Probiotics vs Prebiotics

Probiotics vs Prebiotics

With gut health trending, discussions surrounding the topic probiotic and prebiotics always seemingly follows closely behindDespite their similar sounding names both play an extremely different role within the health of your gut. 

What are probiotics and prebiotics? 

Probiotics: are the live beneficial bacteria that live within your gut. These can be found within certain foods or found in supplements. Foods include: Kombucha, Sauerkraut, Kimchi, Miso, Kefir (dairy and non-dairy), pickled vegetables, Tempeh, Fermented Foods. (Note: These products must be unpasteurised in order to have the probiotics) 

Prebiotics are foods that feed the bacteria. Coming from different plant fibres, stimulating the growth of the good bacteria Foods include: Onions, Garlic, Bananas, Berries, Beans, Legumes, Oats, Leeks, Apple (skins), Chicory root, Jerusalem artichokes, Asparagus. 

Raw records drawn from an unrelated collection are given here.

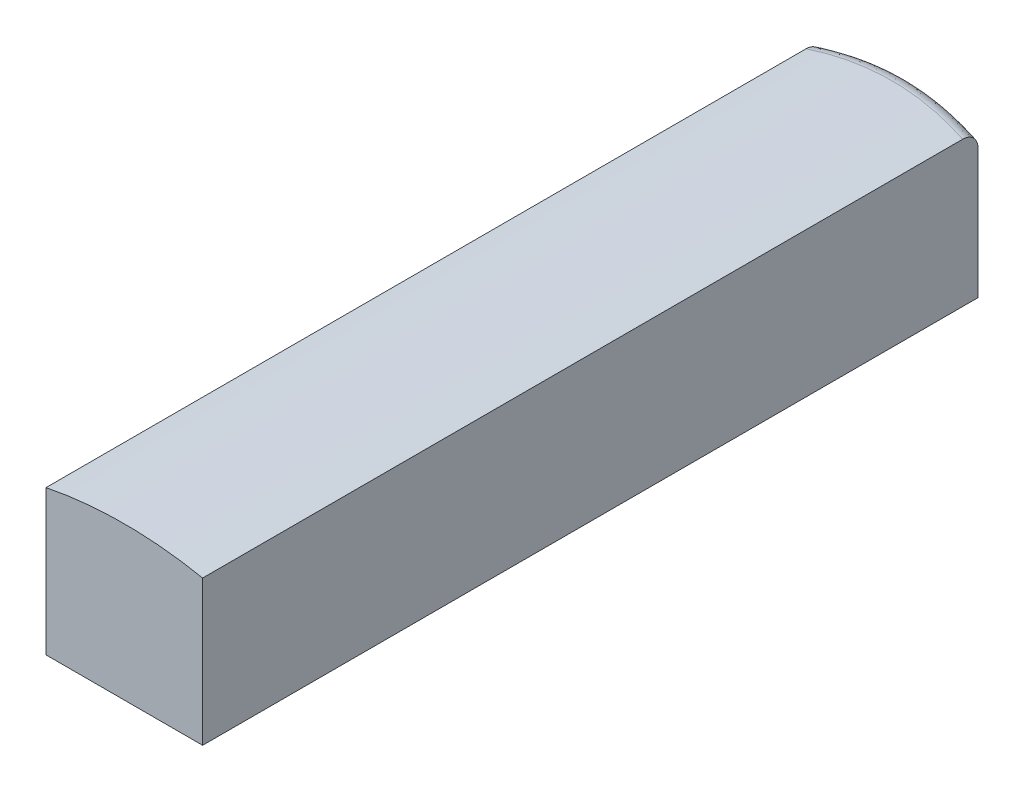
ISO-10303-21;
HEADER;
FILE_DESCRIPTION(('STEP AP214'),'2;1');
FILE_NAME('part.step','',(''),(''),'','','');
FILE_SCHEMA(('AUTOMOTIVE_DESIGN { 1 0 10303 214 1 1 1 1 }'));
ENDSEC;
DATA;
#1=APPLICATION_CONTEXT('core data for automotive mechanical design processes');
#2=APPLICATION_PROTOCOL_DEFINITION('international standard','automotive_design',2000,#1);
#3=PRODUCT_CONTEXT('',#1,'mechanical');
#4=PRODUCT('Part','Part','',(#3));
#5=PRODUCT_RELATED_PRODUCT_CATEGORY('part','',(#4));
#6=PRODUCT_DEFINITION_FORMATION('','',#4);
#7=PRODUCT_DEFINITION_CONTEXT('part definition',#1,'design');
#8=PRODUCT_DEFINITION('design','',#6,#7);
#9=PRODUCT_DEFINITION_SHAPE('','',#8);
#10=(LENGTH_UNIT() NAMED_UNIT(*) SI_UNIT(.MILLI.,.METRE.));
#11=(NAMED_UNIT(*) PLANE_ANGLE_UNIT() SI_UNIT($,.RADIAN.));
#12=(NAMED_UNIT(*) SI_UNIT($,.STERADIAN.) SOLID_ANGLE_UNIT());
#13=UNCERTAINTY_MEASURE_WITH_UNIT(LENGTH_MEASURE(1.E-05),#10,'distance_accuracy_value','');
#14=(GEOMETRIC_REPRESENTATION_CONTEXT(3) GLOBAL_UNCERTAINTY_ASSIGNED_CONTEXT((#13)) GLOBAL_UNIT_ASSIGNED_CONTEXT((#10,
#11,#12)) REPRESENTATION_CONTEXT('',''));
#15=CARTESIAN_POINT('',(0.,0.,0.));
#16=DIRECTION('',(0.,0.,1.));
#17=DIRECTION('',(1.,0.,0.));
#18=AXIS2_PLACEMENT_3D('',#15,#16,#17);
#19=CARTESIAN_POINT('',(0.,-309.999999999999,0.));
#20=DIRECTION('',(0.,0.,-1.));
#21=DIRECTION('',(-1.,0.,0.));
#22=AXIS2_PLACEMENT_3D('',#19,#20,#21);
#23=PLANE('',#22);
#24=DIRECTION('',(1.,0.,0.));
#25=VECTOR('',#24,1.);
#26=CARTESIAN_POINT('',(-100.,0.,0.));
#27=LINE('',#26,#25);
#28=CARTESIAN_POINT('',(-100.,0.,0.));
#29=VERTEX_POINT('',#28);
#30=CARTESIAN_POINT('',(100.,0.,0.));
#31=VERTEX_POINT('',#30);
#32=EDGE_CURVE('E85',#29,#31,#27,.T.);
#33=ORIENTED_EDGE('',*,*,#32,.T.);
#34=DIRECTION('',(0.,1.,0.));
#35=VECTOR('',#34,1.);
#36=CARTESIAN_POINT('',(100.,0.,0.));
#37=LINE('',#36,#35);
#38=CARTESIAN_POINT('',(100.,185.,0.));
#39=VERTEX_POINT('',#38);
#40=EDGE_CURVE('E94',#31,#39,#37,.T.);
#41=ORIENTED_EDGE('',*,*,#40,.T.);
#42=CARTESIAN_POINT('',(0.,-309.999999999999,0.));
#43=DIRECTION('',(0.,0.,1.));
#44=DIRECTION('',(-1.,0.,0.));
#45=AXIS2_PLACEMENT_3D('',#42,#43,#44);
#46=CIRCLE('',#45,504.999999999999);
#47=CARTESIAN_POINT('',(-100.,185.,0.));
#48=VERTEX_POINT('',#47);
#49=EDGE_CURVE('E100',#39,#48,#46,.T.);
#50=ORIENTED_EDGE('',*,*,#49,.T.);
#51=DIRECTION('',(0.,-1.,0.));
#52=VECTOR('',#51,1.);
#53=CARTESIAN_POINT('',(-100.,185.,0.));
#54=LINE('',#53,#52);
#55=EDGE_CURVE('E91',#48,#29,#54,.T.);
#56=ORIENTED_EDGE('',*,*,#55,.T.);
#57=EDGE_LOOP('',(#33,#41,#50,#56));
#58=FACE_BOUND('',#57,.T.);
#59=ADVANCED_FACE('F31',(#58),#23,.F.);
#60=CARTESIAN_POINT('',(100.,0.,-1000.001));
#61=DIRECTION('',(1.,0.,0.));
#62=DIRECTION('',(0.,0.,-1.));
#63=AXIS2_PLACEMENT_3D('',#60,#61,#62);
#64=PLANE('',#63);
#65=DIRECTION('',(0.,-1.,0.));
#66=VECTOR('',#65,1.);
#67=CARTESIAN_POINT('',(100.,200.,-990.));
#68=LINE('',#67,#66);
#69=CARTESIAN_POINT('',(100.,0.,-990.));
#70=VERTEX_POINT('',#69);
#71=CARTESIAN_POINT('',(100.,165.39603960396,-990.));
#72=VERTEX_POINT('',#71);
#73=EDGE_CURVE('E111',#70,#72,#68,.F.);
#74=ORIENTED_EDGE('',*,*,#73,.T.);
#75=CARTESIAN_POINT('',(505.,-309.999999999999,-495.));
#76=CARTESIAN_POINT('',(505.,-309.999999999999,-495.));
#77=CARTESIAN_POINT('',(504.999999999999,-309.999999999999,-495.));
#78=CARTESIAN_POINT('',(504.999964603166,-304.717241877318,-500.500603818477));
#79=CARTESIAN_POINT('',(505.000059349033,-304.608315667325,-500.391684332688));
#80=CARTESIAN_POINT('',(504.999964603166,-304.499396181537,-500.282758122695));
#81=CARTESIAN_POINT('',(504.910127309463,-299.434492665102,-506.001198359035));
#82=CARTESIAN_POINT('',(504.913681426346,-299.215686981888,-505.784313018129));
#83=CARTESIAN_POINT('',(504.910127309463,-298.998801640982,-505.565507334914));
#84=CARTESIAN_POINT('',(504.550597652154,-288.871786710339,-516.999479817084));
#85=CARTESIAN_POINT('',(504.568333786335,-288.434845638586,-516.565154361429));
#86=CARTESIAN_POINT('',(504.550597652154,-288.000520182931,-516.128213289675));
#87=CARTESIAN_POINT('',(504.280904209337,-283.591829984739,-522.497166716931));
#88=CARTESIAN_POINT('',(504.309240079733,-283.044715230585,-521.955284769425));
#89=CARTESIAN_POINT('',(504.280904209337,-282.50283328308,-521.408170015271));
#90=CARTESIAN_POINT('',(503.561381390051,-273.037113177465,-533.487129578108));
#91=CARTESIAN_POINT('',(503.618161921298,-272.270976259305,-532.729023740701));
#92=CARTESIAN_POINT('',(503.561381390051,-271.512870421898,-531.962886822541));
#93=CARTESIAN_POINT('',(503.11153720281,-267.762353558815,-538.979405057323));
#94=CARTESIAN_POINT('',(503.185916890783,-266.885454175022,-538.114545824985));
#95=CARTESIAN_POINT('',(503.11153720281,-266.020594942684,-537.237646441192));
#96=CARTESIAN_POINT('',(502.031236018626,-257.221489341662,-549.954944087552));
#97=CARTESIAN_POINT('',(502.148201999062,-256.124093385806,-548.875906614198));
#98=CARTESIAN_POINT('',(502.031236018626,-255.045055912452,-547.778510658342));
#99=CARTESIAN_POINT('',(501.400779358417,-251.955384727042,-555.43820765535));
#100=CARTESIAN_POINT('',(501.542362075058,-250.746347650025,-554.253652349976));
#101=CARTESIAN_POINT('',(501.400779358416,-249.561792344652,-553.044615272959));
#102=CARTESIAN_POINT('',(499.2497910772,-236.263967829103,-571.776693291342));
#103=CARTESIAN_POINT('',(499.47429734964,-234.711758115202,-570.288241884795));
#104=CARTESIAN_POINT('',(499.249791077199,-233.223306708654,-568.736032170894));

Should you take a probiotic supplement 

A big misconception is that one probiotic pill a day is going to magically improve the health of your gut. There are many different types of probiotics which have different quantities of different strains of bacteria and there is most certainly a time and place when using supplements can potentially be beneficial to support your health (especially following antibiotic therapy). The type of bacteria, quantity and quality vary across different brands. To ensure you are getting the right supplement for yourself it is important to research and find the right bacteria strain that will help address the health issues you are wanting to improveNICE guidelines states the use of a probiotic supplement for a 4-week period. They should be used to help support your diet and not in place of the pro/prebiotic food sources. Iin doubt talk to your health care provider. Note: Make sure you keep your probiotics cool (preferably in a refrigerator) as heat will kill the living bacteria.  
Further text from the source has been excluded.